My stupid heart skipped.

“It’s really low-key,” I babbled. “No egg hunts. No massive church things. Just eating and talking and… eating.”

“I can handle eating,” he said dryly.

“Good. Because my mom made enough candied carrots to feed a herd of elk.”

He smiled again, slower this time, and something fluttered stupidly in my stomach as if it were figuring out the world of physics.

We stepped into the dining room, where no sign of the goat remained, and Violet and Fifi were pretending to play with pastel banners shaped like abstract rabbits that looked more like lumpy clouds. The table was partially set, napkins mismatched, candles crooked, plates already slightly askew.

Carson took it all in with an expression I couldn’t read fully. It was something between nostalgia and bewilderment. Something that tugged at me unexpectedly.

“I haven’t been in a house like this in a long time,” he said quietly.

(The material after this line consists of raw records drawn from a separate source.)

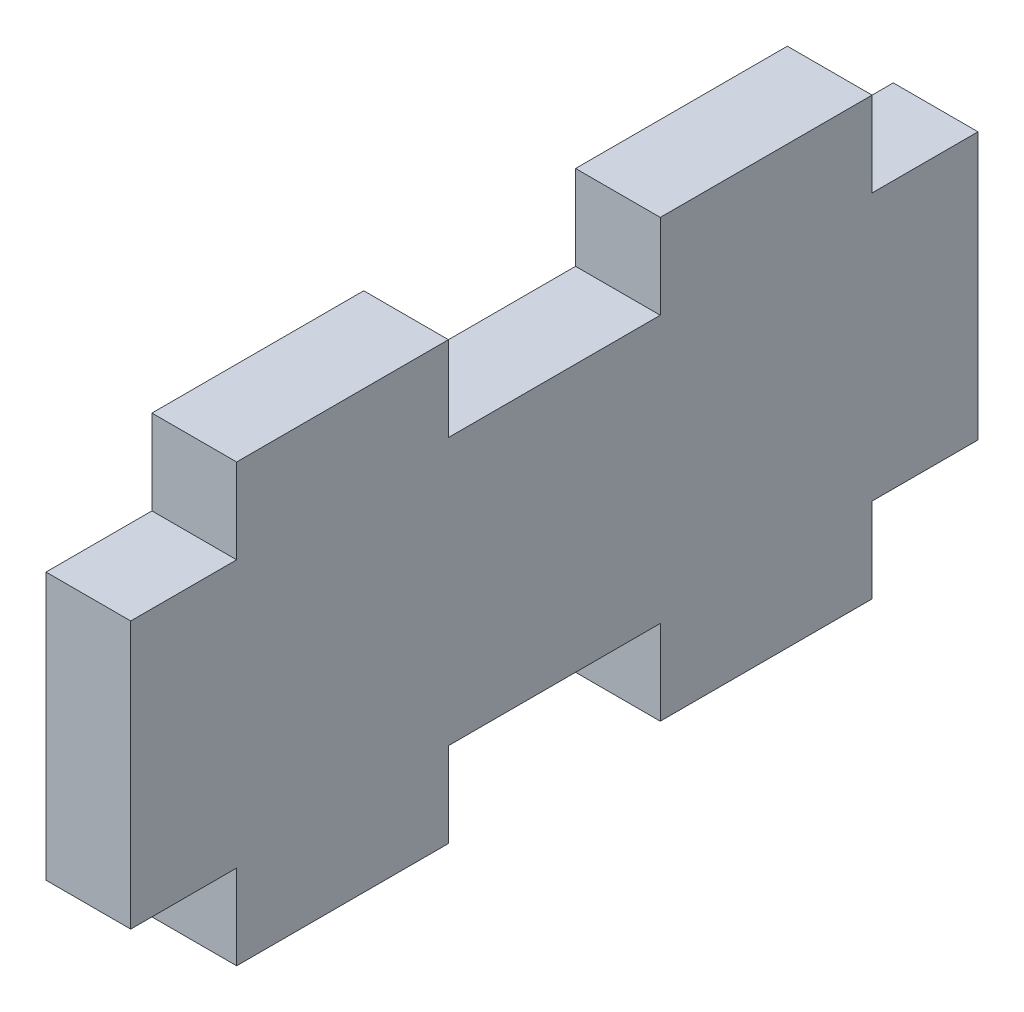
SolidWorks part; units mm, degrees
ref_plane "Front Plane" through (0, 0, 0) normal (0, 0, 1) x (1, 0, 0)
ref_plane "Top Plane" through (0, 0, 0) normal (0, 1, 0) x (1, 0, 0)
ref_plane "Right Plane" through (0, 0, 0) normal (1, 0, 0) x (0, 0, -1)
sketch "Sketch1" plane through (0, 0, 0) normal (1, 0, 0) x (0, 0, -1)
  line L0 (-7.5, 3.15) -> (-7.5, 5.15)
  line L1 (-10, 3.15) -> (-7.5, 3.15)
  line L2 (-10, 3.15) -> (-10, -3.15)
  line L3 (-10, -3.15) -> (-7.5, -3.15)
  line L4 (10, 3.15) -> (10, -3.15)
  line L5 (-10, 3.15) -> (10, -3.15) construction
  line L6 (-10, -3.15) -> (10, 3.15) construction
  line L7 (-7.5, 5.15) -> (-2.5, 5.15)
  line L8 (-2.5, 5.15) -> (-2.5, 3.15)
  line L9 (2.5, 3.15) -> (2.5, 5.15)
  line L10 (2.5, 5.15) -> (7.5, 5.15)
  line L11 (7.5, 5.15) -> (7.5, 3.15)
  line L12 (-2.5, 3.15) -> (2.5, 3.15)
  line L13 (7.5, 3.15) -> (10, 3.15)
  line L14 (-7.5, -3.15) -> (-7.5, -5.15)
  line L15 (-7.5, -5.15) -> (-2.5, -5.15)
  line L16 (-2.5, -5.15) -> (-2.5, -3.15)
  line L17 (7.5, -3.15) -> (7.5, -5.15)
  line L18 (7.5, -5.15) -> (2.5, -5.15)
  line L19 (2.5, -5.15) -> (2.5, -3.15)
  line L20 (-2.5, -3.15) -> (2.5, -3.15)
  line L21 (7.5, -3.15) -> (10, -3.15)
  point P0 (0, 0)
  point P12 (-5, 5.15)
  point P15 (5, 5.15)
  dimension "D1" = 6.3
  dimension "D2" = 20
  dimension "D3" = 5
  dimension "D4" = 2
  dimension "D5" = 5
  dimension "D6" = 5
  dimension "D7" = 2
  dimension "D8" = 5
  dimension "D9" = 2
  dimension "D10" = 2
extrude "Boss-Extrude1" add sketch "Sketch1" along normal blind 2

“What do you mean?” I asked.

He shrugged one shoulder. “Just… a place full of noise. People. Chaos. Holidays.”

My breath softened. “Do you miss it?”

His eyes flicked to mine.

A moment.

A truth.

Unspoken, but there.

“Sometimes,” he murmured.

Before I could answer, Violet called, “Carson! Come taste test the deviled eggs!”

He blinked. “I’m… not qualified for that.”

“You are if you have a mouth,” she declared.

Violet grinned like she’d engineered it on purpose.

Carson stepped toward the table, and I followed, because apparently my ability to stay more than three feet away from him had evaporated.

He reached for an egg, and my mom rushed in. “Not that one! That one has extra paprika. Fifi made it. It’s practically a booby trap.”